**Work to complete**. Among the lines below, take the one holding "#65=LINE('',#64,#63);", the one holding "#70=DIRECTION('',(-0.269629925519971,0.,-0.962964019714182));", and all lines between them. Set them down exactly.

[Data excerpts]
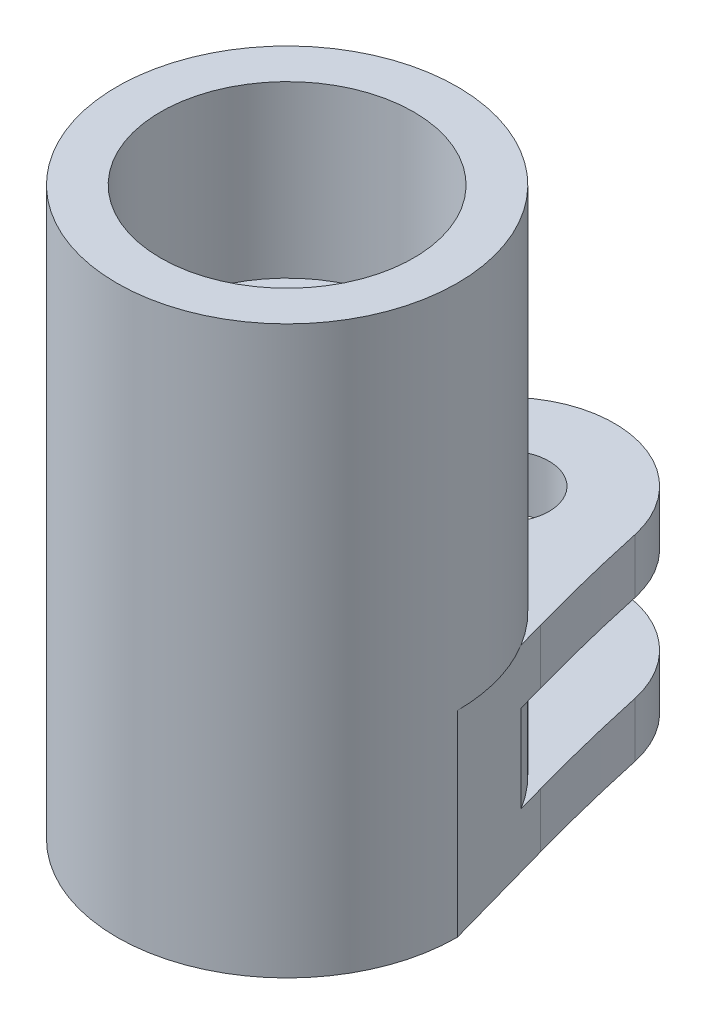
ISO-10303-21;
HEADER;
FILE_DESCRIPTION(('STEP AP214'),'2;1');
FILE_NAME('part.step','',(''),(''),'','','');
FILE_SCHEMA(('AUTOMOTIVE_DESIGN { 1 0 10303 214 1 1 1 1 }'));
ENDSEC;
DATA;
#1=APPLICATION_CONTEXT('core data for automotive mechanical design processes');
#2=APPLICATION_PROTOCOL_DEFINITION('international standard','automotive_design',2000,#1);
#3=PRODUCT_CONTEXT('',#1,'mechanical');
#4=PRODUCT('Part','Part','',(#3));
#5=PRODUCT_RELATED_PRODUCT_CATEGORY('part','',(#4));
#6=PRODUCT_DEFINITION_FORMATION('','',#4);
#7=PRODUCT_DEFINITION_CONTEXT('part definition',#1,'design');
#8=PRODUCT_DEFINITION('design','',#6,#7);
#9=PRODUCT_DEFINITION_SHAPE('','',#8);
#10=(LENGTH_UNIT() NAMED_UNIT(*) SI_UNIT(.MILLI.,.METRE.));
#11=(NAMED_UNIT(*) PLANE_ANGLE_UNIT() SI_UNIT($,.RADIAN.));
#12=(NAMED_UNIT(*) SI_UNIT($,.STERADIAN.) SOLID_ANGLE_UNIT());
#13=UNCERTAINTY_MEASURE_WITH_UNIT(LENGTH_MEASURE(1.E-05),#10,'distance_accuracy_value','');
#14=(GEOMETRIC_REPRESENTATION_CONTEXT(3) GLOBAL_UNCERTAINTY_ASSIGNED_CONTEXT((#13)) GLOBAL_UNIT_ASSIGNED_CONTEXT((#10,
#11,#12)) REPRESENTATION_CONTEXT('',''));
#15=CARTESIAN_POINT('',(0.,0.,0.));
#16=DIRECTION('',(0.,0.,1.));
#17=DIRECTION('',(1.,0.,0.));
#18=AXIS2_PLACEMENT_3D('',#15,#16,#17);
#19=CARTESIAN_POINT('',(0.,0.,0.));
#20=DIRECTION('',(0.,1.,0.));
#21=DIRECTION('',(0.,0.,1.));
#22=AXIS2_PLACEMENT_3D('',#19,#20,#21);
#23=CYLINDRICAL_SURFACE('',#22,2.9);
#24=CARTESIAN_POINT('',(0.,12.98,0.));
#25=DIRECTION('',(0.,1.,0.));
#26=DIRECTION('',(0.,0.,1.));
#27=AXIS2_PLACEMENT_3D('',#24,#25,#26);
#28=CIRCLE('',#27,2.9);
#29=CARTESIAN_POINT('',(0.,12.98,2.9));
#30=VERTEX_POINT('',#29);
#31=EDGE_CURVE('E193',#30,#30,#28,.T.);
#32=ORIENTED_EDGE('',*,*,#31,.T.);
#33=EDGE_LOOP('',(#32));
#34=FACE_BOUND('',#33,.T.);
#35=CARTESIAN_POINT('',(0.,9.08,0.));
#36=DIRECTION('',(0.,-1.,0.));
#37=DIRECTION('',(0.,0.,-1.));
#38=AXIS2_PLACEMENT_3D('',#35,#36,#37);
#39=CIRCLE('',#38,2.9);
#40=CARTESIAN_POINT('',(0.,9.08,-2.9));
#41=VERTEX_POINT('',#40);
#42=EDGE_CURVE('E260',#41,#41,#39,.F.);
#43=ORIENTED_EDGE('',*,*,#42,.F.);
#44=EDGE_LOOP('',(#43));
#45=FACE_BOUND('',#44,.T.);
#46=ADVANCED_FACE('F43',(#34,#45),#23,.F.);
#47=CARTESIAN_POINT('',(2.5,4.5,-5.));
#48=DIRECTION('',(-0.962964019714182,0.,0.269629925519971));
#49=DIRECTION('',(0.269629925519971,0.,0.962964019714182));
#50=AXIS2_PLACEMENT_3D('',#47,#48,#49);
#51=PLANE('',#50);
#52=DIRECTION('',(-0.269629925519971,0.,-0.962964019714182));
#53=VECTOR('',#52,1.);
#54=CARTESIAN_POINT('',(3.33293768545994,3.25,-2.02522255192878));
#55=LINE('',#54,#53);
#56=CARTESIAN_POINT('',(3.33293768545994,3.25,-2.02522255192878));
#57=VERTEX_POINT('',#56);
#58=CARTESIAN_POINT('',(3.15858551307872,3.25,-2.64790888186171));
#59=VERTEX_POINT('',#58);
#60=EDGE_CURVE('E180',#57,#59,#55,.T.);
#61=ORIENTED_EDGE('',*,*,#60,.T.);
#62=DIRECTION('',(0.,1.,0.));
#63=VECTOR('',#62,1.);
#64=CARTESIAN_POINT('',(3.15858551307872,4.5,-2.64790888186171));
#65=LINE('',#64,#63);
#66=CARTESIAN_POINT('',(3.15858551307872,4.5,-2.64790888186171));
#67=VERTEX_POINT('',#66);
#68=EDGE_CURVE('E273',#59,#67,#65,.T.);
#69=ORIENTED_EDGE('',*,*,#68,.T.);
#70=DIRECTION('',(-0.269629925519971,0.,-0.962964019714182));
#71=VECTOR('',#70,1.);
#72=CARTESIAN_POINT('',(2.5,4.5,-5.));
#73=LINE('',#72,#71);
#74=CARTESIAN_POINT('',(3.33293768545994,4.5,-2.02522255192878));
#75=VERTEX_POINT('',#74);
#76=EDGE_CURVE('E226',#75,#67,#73,.T.);
#77=ORIENTED_EDGE('',*,*,#76,.F.);
#78=CARTESIAN_POINT('',(3.9,4.5,0.));
#79=VERTEX_POINT('',#78);
#80=EDGE_CURVE('E221',#79,#75,#73,.T.);
#81=ORIENTED_EDGE('',*,*,#80,.F.);
#82=DIRECTION('',(0.,-1.,0.));
#83=VECTOR('',#82,1.);
#84=CARTESIAN_POINT('',(3.9,4.5,0.));
#85=LINE('',#84,#83);
#86=CARTESIAN_POINT('',(3.9,0.,0.));
#87=VERTEX_POINT('',#86);
#88=EDGE_CURVE('E250',#79,#87,#85,.T.);
#89=ORIENTED_EDGE('',*,*,#88,.T.);
#90=DIRECTION('',(-0.269629925519971,0.,-0.962964019714182));
#91=VECTOR('',#90,1.);
#92=CARTESIAN_POINT('',(2.5,0.,-5.));
#93=LINE('',#92,#91);
#94=CARTESIAN_POINT('',(3.15858551307872,0.,-2.64790888186171));
#95=VERTEX_POINT('',#94);
#96=EDGE_CURVE('E237',#87,#95,#93,.T.);
#97=ORIENTED_EDGE('',*,*,#96,.T.);
#98=DIRECTION('',(0.,1.,0.));
#99=VECTOR('',#98,1.);
#100=CARTESIAN_POINT('',(3.15858551307872,1.25,-2.64790888186171));
#101=LINE('',#100,#99);
#102=CARTESIAN_POINT('',(3.15858551307872,1.25,-2.64790888186171));
#103=VERTEX_POINT('',#102);
#104=EDGE_CURVE('E167',#95,#103,#101,.T.);
#105=ORIENTED_EDGE('',*,*,#104,.T.);
#106=DIRECTION('',(-0.269629925519971,0.,-0.962964019714182));
#107=VECTOR('',#106,1.);
#108=CARTESIAN_POINT('',(3.33293768545994,1.25,-2.02522255192878));
#109=LINE('',#108,#107);
#110=CARTESIAN_POINT('',(3.33293768545994,1.25,-2.02522255192878));
#111=VERTEX_POINT('',#110);
#112=EDGE_CURVE('E158',#111,#103,#109,.T.);
#113=ORIENTED_EDGE('',*,*,#112,.F.);
#114=DIRECTION('',(0.,1.,0.));
#115=VECTOR('',#114,1.);
#116=CARTESIAN_POINT('',(3.33293768545994,1.25,-2.02522255192878));
#117=LINE('',#116,#115);
#118=EDGE_CURVE('E139',#111,#57,#117,.T.);
#119=ORIENTED_EDGE('',*,*,#118,.T.);
#120=EDGE_LOOP('',(#61,#69,#77,#81,#89,#97,#105,#113,#119));
#121=FACE_BOUND('',#120,.T.);
#122=ADVANCED_FACE('F164',(#121),#51,.F.);
#123=CARTESIAN_POINT('',(0.,4.5,-5.));
#124=DIRECTION('',(0.,-1.,0.));
#125=DIRECTION('',(0.,0.,-1.));
#126=AXIS2_PLACEMENT_3D('',#123,#124,#125);
#127=CYLINDRICAL_SURFACE('',#126,2.5);
#128=CARTESIAN_POINT('',(0.,1.25,-5.));
#129=DIRECTION('',(0.,1.,0.));
#130=DIRECTION('',(0.,0.,1.));
#131=AXIS2_PLACEMENT_3D('',#128,#129,#130);
#132=CIRCLE('',#131,2.5);
#133=CARTESIAN_POINT('',(2.44318030946609,1.25,-5.52997167418382));
#134=VERTEX_POINT('',#133);
#135=CARTESIAN_POINT('',(-2.44318030946609,1.25,-5.52997167418382));
#136=VERTEX_POINT('',#135);
#137=EDGE_CURVE('E169',#134,#136,#132,.T.);
#138=ORIENTED_EDGE('',*,*,#137,.F.);
#139=DIRECTION('',(0.,-1.,0.));
#140=VECTOR('',#139,1.);
#141=CARTESIAN_POINT('',(2.44318030946609,4.5,-5.52997167418382));
#142=LINE('',#141,#140);
#143=CARTESIAN_POINT('',(2.44318030946609,0.,-5.52997167418382));
#144=VERTEX_POINT('',#143);
#145=EDGE_CURVE('E279',#134,#144,#142,.T.);
#146=ORIENTED_EDGE('',*,*,#145,.T.);
#147=CARTESIAN_POINT('',(0.,0.,-5.));
#148=DIRECTION('',(0.,1.,0.));
#149=DIRECTION('',(0.,0.,1.));
#150=AXIS2_PLACEMENT_3D('',#147,#148,#149);
#151=CIRCLE('',#150,2.5);
#152=CARTESIAN_POINT('',(-2.44318030946609,0.,-5.52997167418382));
#153=VERTEX_POINT('',#152);
#154=EDGE_CURVE('E240',#144,#153,#151,.T.);
#155=ORIENTED_EDGE('',*,*,#154,.T.);
#156=DIRECTION('',(0.,-1.,0.));
#157=VECTOR('',#156,1.);
#158=CARTESIAN_POINT('',(-2.44318030946609,4.5,-5.52997167418382));
#159=LINE('',#158,#157);
#160=EDGE_CURVE('E276',#153,#136,#159,.F.);
#161=ORIENTED_EDGE('',*,*,#160,.T.);
#162=EDGE_LOOP('',(#138,#146,#155,#161));
#163=FACE_BOUND('',#162,.T.);
#164=ADVANCED_FACE('F347',(#163),#127,.T.);
#165=CARTESIAN_POINT('',(-3.9,4.5,0.));
#166=DIRECTION('',(0.962964019714182,0.,0.269629925519971));
#167=DIRECTION('',(0.269629925519971,0.,-0.962964019714182));
#168=AXIS2_PLACEMENT_3D('',#165,#166,#167);
#169=PLANE('',#168);
#170=DIRECTION('',(-0.269629925519971,0.,0.962964019714182));
#171=VECTOR('',#170,1.);
#172=CARTESIAN_POINT('',(-2.5,1.25,-5.));
#173=LINE('',#172,#171);
#174=CARTESIAN_POINT('',(-3.15858551307872,1.25,-2.64790888186171));
#175=VERTEX_POINT('',#174);
#176=CARTESIAN_POINT('',(-3.33293768545994,1.25,-2.02522255192879));
#177=VERTEX_POINT('',#176);
#178=EDGE_CURVE('E152',#175,#177,#173,.T.);
#179=ORIENTED_EDGE('',*,*,#178,.F.);
#180=DIRECTION('',(0.,1.,0.));
#181=VECTOR('',#180,1.);
#182=CARTESIAN_POINT('',(-3.15858551307872,0.,-2.64790888186171));
#183=LINE('',#182,#181);
#184=CARTESIAN_POINT('',(-3.15858551307872,0.,-2.64790888186171));
#185=VERTEX_POINT('',#184);
#186=EDGE_CURVE('E286',#175,#185,#183,.F.);
#187=ORIENTED_EDGE('',*,*,#186,.T.);
#188=DIRECTION('',(-0.269629925519971,0.,0.962964019714182));
#189=VECTOR('',#188,1.);
#190=CARTESIAN_POINT('',(-3.9,0.,0.));
#191=LINE('',#190,#189);
#192=CARTESIAN_POINT('',(-3.9,0.,0.));
#193=VERTEX_POINT('',#192);
#194=EDGE_CURVE('E244',#185,#193,#191,.T.);
#195=ORIENTED_EDGE('',*,*,#194,.T.);
#196=DIRECTION('',(0.,-1.,0.));
#197=VECTOR('',#196,1.);
#198=CARTESIAN_POINT('',(-3.9,4.5,0.));
#199=LINE('',#198,#197);
#200=CARTESIAN_POINT('',(-3.9,4.5,0.));
#201=VERTEX_POINT('',#200);
#202=EDGE_CURVE('E233',#201,#193,#199,.T.);
#203=ORIENTED_EDGE('',*,*,#202,.F.);
#204=DIRECTION('',(-0.269629925519971,0.,0.962964019714182));
#205=VECTOR('',#204,1.);
#206=CARTESIAN_POINT('',(-3.9,4.5,0.));
#207=LINE('',#206,#205);
#208=CARTESIAN_POINT('',(-3.33293768545994,4.5,-2.02522255192879));
#209=VERTEX_POINT('',#208);
#210=EDGE_CURVE('E229',#209,#201,#207,.T.);
#211=ORIENTED_EDGE('',*,*,#210,.F.);
#212=CARTESIAN_POINT('',(-3.15858551307872,4.5,-2.64790888186171));
#213=VERTEX_POINT('',#212);
#214=EDGE_CURVE('E230',#213,#209,#207,.T.);
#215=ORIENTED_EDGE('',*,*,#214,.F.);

**Output of the exercise**.
#65=LINE('',#64,#63);
#66=CARTESIAN_POINT('',(3.15858551307872,4.5,-2.64790888186171));
#67=VERTEX_POINT('',#66);
#68=EDGE_CURVE('E273',#59,#67,#65,.T.);
#69=ORIENTED_EDGE('',*,*,#68,.T.);
#70=DIRECTION('',(-0.269629925519971,0.,-0.962964019714182));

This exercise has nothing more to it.